Return, exactly and in full, the lines of the records below starting at the one with "#209=EDGE_CURVE('E231',#208,#208,#206,.T.);" and ending at the one with "#220=EDGE_CURVE('E238',#219,#219,#217,.T.);", and no other lines.

[DATA RECORDS — start]

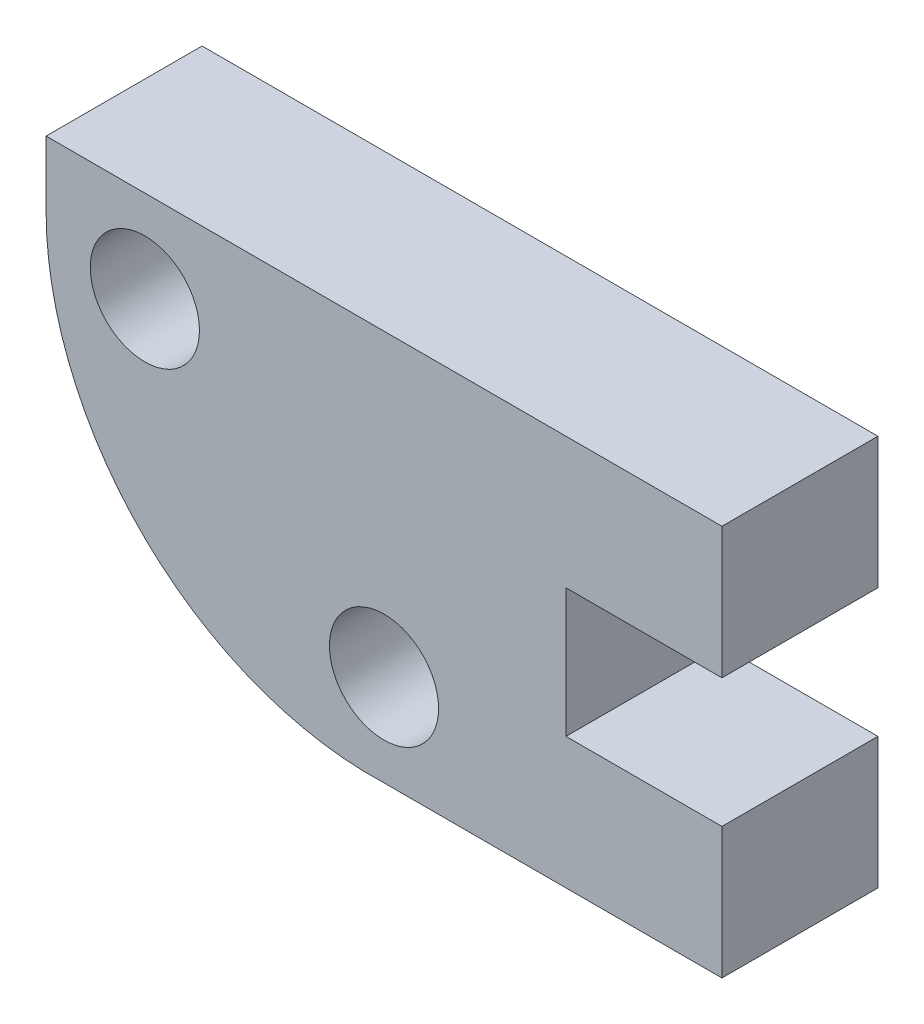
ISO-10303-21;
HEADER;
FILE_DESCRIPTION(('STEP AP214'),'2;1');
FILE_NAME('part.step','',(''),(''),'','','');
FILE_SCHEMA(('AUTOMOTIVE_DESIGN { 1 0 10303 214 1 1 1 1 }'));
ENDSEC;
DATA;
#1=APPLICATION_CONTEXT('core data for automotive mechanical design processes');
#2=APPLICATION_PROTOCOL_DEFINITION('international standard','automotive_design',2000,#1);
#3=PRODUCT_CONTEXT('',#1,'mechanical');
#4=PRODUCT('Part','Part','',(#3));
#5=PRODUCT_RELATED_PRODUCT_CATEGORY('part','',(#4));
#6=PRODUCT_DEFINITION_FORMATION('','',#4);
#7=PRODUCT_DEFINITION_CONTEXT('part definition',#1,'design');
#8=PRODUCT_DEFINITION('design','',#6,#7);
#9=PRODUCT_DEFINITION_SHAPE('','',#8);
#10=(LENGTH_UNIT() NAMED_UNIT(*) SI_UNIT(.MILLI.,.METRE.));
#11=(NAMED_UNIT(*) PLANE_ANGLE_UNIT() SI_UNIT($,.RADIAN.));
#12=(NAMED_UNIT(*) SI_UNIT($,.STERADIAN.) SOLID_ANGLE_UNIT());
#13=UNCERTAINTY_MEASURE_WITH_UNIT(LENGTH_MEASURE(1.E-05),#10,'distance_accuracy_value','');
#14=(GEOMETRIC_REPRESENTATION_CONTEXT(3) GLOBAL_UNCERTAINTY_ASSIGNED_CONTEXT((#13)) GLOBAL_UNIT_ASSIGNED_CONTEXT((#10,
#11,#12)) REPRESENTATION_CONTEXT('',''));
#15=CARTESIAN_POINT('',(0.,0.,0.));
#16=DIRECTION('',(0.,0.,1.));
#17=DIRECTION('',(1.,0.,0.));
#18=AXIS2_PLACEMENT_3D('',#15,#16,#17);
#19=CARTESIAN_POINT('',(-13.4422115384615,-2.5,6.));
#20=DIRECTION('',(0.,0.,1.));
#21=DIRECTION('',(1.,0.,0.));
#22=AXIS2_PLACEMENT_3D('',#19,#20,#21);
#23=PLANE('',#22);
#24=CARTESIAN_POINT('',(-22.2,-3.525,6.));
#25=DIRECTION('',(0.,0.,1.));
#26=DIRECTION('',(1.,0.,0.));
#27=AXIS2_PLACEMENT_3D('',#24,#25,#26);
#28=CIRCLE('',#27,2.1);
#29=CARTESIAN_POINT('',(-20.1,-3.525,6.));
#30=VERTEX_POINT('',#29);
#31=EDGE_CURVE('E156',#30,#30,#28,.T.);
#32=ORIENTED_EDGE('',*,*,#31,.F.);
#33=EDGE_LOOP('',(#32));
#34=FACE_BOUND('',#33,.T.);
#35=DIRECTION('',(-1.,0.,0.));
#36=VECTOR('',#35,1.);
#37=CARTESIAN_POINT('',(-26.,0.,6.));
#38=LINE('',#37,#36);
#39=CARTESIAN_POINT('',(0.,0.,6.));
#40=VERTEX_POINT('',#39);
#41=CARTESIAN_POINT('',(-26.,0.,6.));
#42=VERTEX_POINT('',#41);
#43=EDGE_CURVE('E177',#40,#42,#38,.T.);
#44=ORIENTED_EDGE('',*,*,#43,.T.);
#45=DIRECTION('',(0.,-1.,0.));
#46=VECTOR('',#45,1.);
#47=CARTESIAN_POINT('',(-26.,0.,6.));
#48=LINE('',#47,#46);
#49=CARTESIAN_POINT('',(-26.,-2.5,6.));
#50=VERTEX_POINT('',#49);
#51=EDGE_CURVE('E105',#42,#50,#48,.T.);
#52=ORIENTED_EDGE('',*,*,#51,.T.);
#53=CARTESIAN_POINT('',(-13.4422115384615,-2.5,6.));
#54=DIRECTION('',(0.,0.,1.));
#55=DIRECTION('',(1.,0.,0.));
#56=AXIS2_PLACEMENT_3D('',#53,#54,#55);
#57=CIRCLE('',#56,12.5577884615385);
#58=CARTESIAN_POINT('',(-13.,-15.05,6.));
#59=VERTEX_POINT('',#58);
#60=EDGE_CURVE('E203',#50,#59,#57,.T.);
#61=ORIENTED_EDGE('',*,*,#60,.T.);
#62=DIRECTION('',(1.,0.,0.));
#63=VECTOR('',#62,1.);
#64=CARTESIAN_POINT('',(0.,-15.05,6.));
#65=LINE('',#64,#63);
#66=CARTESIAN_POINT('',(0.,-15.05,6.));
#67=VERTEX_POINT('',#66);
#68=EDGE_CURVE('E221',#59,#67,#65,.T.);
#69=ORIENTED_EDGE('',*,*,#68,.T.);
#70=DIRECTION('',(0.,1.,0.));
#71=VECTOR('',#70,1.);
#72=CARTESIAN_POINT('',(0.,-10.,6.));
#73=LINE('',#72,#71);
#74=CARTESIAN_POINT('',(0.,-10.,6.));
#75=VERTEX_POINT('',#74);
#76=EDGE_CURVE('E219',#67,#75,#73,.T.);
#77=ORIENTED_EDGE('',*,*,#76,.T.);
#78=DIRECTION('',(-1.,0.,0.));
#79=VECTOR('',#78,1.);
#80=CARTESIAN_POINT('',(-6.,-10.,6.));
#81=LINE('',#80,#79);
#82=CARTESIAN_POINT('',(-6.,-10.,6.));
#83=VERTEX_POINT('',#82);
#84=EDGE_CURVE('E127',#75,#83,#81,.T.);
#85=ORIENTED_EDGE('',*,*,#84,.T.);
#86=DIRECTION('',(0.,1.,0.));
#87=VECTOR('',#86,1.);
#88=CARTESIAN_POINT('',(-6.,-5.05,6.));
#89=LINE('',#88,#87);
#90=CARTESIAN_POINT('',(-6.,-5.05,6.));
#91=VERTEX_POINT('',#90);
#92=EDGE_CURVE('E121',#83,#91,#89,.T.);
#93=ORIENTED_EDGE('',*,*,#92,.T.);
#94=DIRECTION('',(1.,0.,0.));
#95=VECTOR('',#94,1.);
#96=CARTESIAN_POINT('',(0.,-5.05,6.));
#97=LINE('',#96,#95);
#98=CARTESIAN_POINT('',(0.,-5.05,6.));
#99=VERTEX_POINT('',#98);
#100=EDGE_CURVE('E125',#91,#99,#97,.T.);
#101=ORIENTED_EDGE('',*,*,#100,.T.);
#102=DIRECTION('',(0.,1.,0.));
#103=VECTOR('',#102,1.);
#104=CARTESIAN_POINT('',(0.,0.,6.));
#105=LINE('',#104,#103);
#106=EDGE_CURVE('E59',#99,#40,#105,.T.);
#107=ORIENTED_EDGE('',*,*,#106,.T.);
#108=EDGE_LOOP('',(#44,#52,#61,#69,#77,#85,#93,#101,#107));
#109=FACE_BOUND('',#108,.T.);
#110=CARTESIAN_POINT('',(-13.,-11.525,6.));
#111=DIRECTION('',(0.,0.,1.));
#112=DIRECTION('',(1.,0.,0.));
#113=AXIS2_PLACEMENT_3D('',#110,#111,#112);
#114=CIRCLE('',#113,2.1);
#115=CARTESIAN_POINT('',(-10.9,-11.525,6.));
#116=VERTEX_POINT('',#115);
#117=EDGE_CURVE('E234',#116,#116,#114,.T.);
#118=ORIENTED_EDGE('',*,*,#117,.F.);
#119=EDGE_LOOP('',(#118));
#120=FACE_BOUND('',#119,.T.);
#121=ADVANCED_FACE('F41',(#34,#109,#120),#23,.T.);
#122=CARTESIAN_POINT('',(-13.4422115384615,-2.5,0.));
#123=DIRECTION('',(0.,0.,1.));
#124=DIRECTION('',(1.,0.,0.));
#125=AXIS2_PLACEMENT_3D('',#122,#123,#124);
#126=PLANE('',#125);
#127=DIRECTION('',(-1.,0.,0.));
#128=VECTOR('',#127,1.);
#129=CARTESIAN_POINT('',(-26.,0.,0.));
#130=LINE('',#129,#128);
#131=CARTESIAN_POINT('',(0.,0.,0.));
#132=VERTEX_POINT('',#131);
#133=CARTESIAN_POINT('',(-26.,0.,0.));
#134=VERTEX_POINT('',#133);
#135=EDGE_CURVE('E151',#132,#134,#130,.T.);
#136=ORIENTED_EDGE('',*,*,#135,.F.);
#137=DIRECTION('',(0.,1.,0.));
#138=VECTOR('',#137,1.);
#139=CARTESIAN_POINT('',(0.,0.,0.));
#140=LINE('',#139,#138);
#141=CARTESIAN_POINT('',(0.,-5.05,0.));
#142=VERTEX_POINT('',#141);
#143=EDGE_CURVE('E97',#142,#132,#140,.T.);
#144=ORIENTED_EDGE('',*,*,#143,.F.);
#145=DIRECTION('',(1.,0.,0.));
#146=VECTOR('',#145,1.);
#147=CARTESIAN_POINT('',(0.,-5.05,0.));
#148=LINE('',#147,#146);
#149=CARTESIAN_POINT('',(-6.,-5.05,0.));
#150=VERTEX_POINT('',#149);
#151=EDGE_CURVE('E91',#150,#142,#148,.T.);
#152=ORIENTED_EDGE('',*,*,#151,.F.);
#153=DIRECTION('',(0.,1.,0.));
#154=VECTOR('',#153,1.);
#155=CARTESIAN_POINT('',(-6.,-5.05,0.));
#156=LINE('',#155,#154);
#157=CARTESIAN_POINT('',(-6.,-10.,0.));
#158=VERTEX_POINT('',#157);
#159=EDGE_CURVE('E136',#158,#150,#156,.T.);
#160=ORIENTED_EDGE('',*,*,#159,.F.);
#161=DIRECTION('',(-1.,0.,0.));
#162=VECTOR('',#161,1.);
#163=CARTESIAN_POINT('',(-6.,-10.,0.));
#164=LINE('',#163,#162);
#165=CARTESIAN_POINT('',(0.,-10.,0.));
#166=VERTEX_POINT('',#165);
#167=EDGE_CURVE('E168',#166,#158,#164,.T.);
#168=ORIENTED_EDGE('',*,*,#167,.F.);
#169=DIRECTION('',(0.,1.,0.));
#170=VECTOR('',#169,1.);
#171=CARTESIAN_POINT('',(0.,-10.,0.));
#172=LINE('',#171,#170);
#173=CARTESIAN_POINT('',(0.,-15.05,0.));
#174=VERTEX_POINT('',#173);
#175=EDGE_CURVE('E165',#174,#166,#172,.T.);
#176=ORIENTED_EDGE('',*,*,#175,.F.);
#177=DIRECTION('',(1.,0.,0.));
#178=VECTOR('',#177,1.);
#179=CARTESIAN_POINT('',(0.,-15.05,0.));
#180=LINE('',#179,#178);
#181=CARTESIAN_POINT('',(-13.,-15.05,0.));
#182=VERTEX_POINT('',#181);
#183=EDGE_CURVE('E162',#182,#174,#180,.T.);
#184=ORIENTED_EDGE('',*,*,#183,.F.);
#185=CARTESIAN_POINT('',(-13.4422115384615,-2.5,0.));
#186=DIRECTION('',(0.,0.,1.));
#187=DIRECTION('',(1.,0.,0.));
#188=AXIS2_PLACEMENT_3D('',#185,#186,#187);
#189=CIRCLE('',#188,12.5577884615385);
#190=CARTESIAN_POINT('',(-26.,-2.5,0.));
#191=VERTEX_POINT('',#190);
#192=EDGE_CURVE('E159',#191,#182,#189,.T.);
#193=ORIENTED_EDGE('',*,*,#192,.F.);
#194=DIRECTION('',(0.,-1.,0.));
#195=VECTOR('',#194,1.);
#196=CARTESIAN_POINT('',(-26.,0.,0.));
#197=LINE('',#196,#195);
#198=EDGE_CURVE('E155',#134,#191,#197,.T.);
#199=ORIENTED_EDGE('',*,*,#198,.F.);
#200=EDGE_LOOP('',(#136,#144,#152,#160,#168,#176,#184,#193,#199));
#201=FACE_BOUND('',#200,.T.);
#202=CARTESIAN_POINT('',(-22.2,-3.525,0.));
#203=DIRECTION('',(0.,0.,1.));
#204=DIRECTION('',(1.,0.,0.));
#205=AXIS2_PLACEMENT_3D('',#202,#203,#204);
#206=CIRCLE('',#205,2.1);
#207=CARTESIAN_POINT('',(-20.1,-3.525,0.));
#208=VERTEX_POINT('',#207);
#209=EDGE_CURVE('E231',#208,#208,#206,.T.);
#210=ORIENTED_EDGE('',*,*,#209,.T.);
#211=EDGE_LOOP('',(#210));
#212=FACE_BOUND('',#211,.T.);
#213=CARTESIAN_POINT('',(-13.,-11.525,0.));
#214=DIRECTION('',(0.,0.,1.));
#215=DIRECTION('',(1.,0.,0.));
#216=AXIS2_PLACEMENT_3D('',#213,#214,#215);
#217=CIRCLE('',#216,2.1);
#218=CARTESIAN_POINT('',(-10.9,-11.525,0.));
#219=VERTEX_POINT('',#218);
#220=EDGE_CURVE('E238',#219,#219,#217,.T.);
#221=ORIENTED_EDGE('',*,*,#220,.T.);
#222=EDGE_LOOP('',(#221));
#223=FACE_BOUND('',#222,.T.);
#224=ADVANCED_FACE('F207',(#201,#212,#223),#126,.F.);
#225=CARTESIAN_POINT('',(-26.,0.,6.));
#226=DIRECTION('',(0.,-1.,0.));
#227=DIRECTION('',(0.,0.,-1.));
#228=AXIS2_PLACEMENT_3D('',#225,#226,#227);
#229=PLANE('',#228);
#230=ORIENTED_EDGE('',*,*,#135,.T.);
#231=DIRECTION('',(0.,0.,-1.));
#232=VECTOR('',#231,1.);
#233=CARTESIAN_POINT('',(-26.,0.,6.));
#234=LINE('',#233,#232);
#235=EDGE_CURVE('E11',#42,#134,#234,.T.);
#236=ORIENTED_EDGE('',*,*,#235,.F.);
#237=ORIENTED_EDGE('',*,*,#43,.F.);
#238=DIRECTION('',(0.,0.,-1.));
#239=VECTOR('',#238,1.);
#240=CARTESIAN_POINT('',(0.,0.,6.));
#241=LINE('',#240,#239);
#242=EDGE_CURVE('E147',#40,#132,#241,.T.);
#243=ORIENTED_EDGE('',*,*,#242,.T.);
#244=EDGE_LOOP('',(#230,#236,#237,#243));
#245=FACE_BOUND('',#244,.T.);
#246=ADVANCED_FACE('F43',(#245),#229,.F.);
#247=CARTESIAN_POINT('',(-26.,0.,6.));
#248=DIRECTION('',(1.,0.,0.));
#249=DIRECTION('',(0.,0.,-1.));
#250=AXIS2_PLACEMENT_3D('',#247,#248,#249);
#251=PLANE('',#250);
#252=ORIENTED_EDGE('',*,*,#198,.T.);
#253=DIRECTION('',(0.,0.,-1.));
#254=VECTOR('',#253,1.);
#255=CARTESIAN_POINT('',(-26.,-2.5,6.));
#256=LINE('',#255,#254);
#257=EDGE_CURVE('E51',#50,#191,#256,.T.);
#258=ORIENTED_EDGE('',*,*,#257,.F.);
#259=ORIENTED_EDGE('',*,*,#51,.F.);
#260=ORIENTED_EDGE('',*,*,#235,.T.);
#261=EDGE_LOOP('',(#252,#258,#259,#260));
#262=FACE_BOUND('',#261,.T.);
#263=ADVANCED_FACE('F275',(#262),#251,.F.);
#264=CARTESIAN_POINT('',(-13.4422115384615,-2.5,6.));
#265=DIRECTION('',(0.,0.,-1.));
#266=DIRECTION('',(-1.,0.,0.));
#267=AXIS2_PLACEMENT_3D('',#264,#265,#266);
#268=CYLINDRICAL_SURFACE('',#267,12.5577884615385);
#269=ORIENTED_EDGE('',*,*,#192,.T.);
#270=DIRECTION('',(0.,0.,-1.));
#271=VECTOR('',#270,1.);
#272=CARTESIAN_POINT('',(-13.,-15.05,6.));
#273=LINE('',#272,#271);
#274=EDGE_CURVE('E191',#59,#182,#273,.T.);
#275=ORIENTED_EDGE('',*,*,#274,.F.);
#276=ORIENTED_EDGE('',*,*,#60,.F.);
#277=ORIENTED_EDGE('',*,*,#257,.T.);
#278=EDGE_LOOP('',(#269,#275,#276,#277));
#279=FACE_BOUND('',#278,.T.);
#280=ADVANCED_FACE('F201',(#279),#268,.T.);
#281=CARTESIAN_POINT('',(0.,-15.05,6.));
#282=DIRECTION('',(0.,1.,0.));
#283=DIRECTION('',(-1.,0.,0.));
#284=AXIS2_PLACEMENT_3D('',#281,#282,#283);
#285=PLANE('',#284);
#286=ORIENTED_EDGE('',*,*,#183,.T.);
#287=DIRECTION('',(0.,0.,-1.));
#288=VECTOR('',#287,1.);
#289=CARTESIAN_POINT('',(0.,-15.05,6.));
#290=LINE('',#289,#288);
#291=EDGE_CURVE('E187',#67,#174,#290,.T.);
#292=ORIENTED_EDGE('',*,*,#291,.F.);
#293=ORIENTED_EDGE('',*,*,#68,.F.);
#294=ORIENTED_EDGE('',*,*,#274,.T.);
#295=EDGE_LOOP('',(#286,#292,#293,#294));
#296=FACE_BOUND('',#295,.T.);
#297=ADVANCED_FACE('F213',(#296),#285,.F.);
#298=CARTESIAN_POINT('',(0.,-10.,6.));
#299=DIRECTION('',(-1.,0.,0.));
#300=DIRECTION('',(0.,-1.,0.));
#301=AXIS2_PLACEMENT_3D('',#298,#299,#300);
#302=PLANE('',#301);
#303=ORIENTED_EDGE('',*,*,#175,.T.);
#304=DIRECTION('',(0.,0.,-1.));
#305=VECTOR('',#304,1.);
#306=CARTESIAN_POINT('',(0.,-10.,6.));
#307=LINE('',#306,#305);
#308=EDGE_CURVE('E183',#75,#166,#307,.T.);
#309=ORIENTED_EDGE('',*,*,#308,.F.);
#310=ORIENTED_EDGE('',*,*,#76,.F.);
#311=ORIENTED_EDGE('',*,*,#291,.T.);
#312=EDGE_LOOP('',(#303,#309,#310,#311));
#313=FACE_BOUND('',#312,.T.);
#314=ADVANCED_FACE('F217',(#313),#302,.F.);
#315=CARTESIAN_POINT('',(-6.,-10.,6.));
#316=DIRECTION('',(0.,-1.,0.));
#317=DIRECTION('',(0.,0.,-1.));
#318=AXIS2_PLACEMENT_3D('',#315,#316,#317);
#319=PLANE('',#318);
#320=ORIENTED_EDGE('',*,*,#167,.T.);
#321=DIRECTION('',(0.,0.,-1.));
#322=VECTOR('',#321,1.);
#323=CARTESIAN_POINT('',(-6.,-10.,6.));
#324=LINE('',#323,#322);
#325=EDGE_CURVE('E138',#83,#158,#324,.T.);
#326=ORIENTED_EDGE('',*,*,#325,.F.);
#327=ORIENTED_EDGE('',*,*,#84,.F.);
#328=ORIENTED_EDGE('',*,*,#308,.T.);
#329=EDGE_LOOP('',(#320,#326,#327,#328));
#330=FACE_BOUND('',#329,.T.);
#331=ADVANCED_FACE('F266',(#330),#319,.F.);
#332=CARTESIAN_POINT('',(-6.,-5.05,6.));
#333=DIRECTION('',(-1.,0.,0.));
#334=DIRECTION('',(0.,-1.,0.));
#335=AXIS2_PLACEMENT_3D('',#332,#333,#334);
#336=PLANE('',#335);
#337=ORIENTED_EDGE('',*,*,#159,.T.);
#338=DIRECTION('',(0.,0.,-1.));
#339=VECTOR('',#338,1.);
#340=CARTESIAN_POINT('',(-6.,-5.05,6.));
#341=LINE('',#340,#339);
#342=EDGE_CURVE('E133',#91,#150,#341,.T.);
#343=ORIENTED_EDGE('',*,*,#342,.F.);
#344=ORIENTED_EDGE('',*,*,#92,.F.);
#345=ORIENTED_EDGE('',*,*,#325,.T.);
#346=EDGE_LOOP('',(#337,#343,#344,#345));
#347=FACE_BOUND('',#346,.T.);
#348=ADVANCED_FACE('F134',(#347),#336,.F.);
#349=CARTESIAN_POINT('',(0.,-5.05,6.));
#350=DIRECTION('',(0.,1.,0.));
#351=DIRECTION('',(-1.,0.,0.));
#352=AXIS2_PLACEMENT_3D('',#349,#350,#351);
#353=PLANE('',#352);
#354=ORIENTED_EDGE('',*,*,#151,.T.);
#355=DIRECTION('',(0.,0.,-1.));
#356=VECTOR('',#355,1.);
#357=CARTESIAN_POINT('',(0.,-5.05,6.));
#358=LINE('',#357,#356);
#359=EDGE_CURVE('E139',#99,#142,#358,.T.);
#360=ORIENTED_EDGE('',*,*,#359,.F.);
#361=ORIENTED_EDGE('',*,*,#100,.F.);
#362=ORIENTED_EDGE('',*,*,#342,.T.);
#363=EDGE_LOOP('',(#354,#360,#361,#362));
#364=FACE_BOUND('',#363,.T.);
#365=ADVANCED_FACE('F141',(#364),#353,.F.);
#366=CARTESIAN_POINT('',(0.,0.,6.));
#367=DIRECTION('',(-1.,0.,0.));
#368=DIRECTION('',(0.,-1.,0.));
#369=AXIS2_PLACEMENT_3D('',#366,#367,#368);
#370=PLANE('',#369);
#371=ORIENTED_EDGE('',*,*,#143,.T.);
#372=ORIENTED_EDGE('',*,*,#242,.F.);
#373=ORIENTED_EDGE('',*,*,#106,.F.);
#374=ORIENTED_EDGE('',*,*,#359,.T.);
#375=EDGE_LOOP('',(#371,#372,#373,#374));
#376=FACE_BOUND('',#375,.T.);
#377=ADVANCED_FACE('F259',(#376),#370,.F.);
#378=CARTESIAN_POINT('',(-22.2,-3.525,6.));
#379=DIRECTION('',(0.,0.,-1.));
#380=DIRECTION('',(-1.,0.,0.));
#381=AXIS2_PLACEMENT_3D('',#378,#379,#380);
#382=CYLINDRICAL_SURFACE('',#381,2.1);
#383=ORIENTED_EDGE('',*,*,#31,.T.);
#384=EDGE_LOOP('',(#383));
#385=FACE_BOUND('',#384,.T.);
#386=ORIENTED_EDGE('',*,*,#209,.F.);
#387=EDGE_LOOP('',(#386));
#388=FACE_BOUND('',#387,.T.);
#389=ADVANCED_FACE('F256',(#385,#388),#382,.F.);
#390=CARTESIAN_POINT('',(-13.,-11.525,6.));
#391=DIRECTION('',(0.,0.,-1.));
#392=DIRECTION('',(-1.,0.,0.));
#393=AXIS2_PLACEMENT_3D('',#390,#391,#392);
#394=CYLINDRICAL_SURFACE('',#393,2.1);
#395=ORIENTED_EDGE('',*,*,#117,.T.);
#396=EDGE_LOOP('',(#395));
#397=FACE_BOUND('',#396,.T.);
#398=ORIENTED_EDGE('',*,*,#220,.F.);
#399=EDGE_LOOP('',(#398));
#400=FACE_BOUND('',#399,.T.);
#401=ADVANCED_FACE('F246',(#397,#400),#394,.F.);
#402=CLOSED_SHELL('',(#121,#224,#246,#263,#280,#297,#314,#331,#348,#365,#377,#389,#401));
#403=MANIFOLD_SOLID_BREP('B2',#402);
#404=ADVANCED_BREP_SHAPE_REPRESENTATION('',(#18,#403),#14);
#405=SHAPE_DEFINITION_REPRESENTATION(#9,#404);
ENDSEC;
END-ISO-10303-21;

[DATA RECORDS — finish]

- [WRITTEN SOLUTION]
#209=EDGE_CURVE('E231',#208,#208,#206,.T.);
#210=ORIENTED_EDGE('',*,*,#209,.T.);
#211=EDGE_LOOP('',(#210));
#212=FACE_BOUND('',#211,.T.);
#213=CARTESIAN_POINT('',(-13.,-11.525,0.));
#214=DIRECTION('',(0.,0.,1.));
#215=DIRECTION('',(1.,0.,0.));
#216=AXIS2_PLACEMENT_3D('',#213,#214,#215);
#217=CIRCLE('',#216,2.1);
#218=CARTESIAN_POINT('',(-10.9,-11.525,0.));
#219=VERTEX_POINT('',#218);
#220=EDGE_CURVE('E238',#219,#219,#217,.T.);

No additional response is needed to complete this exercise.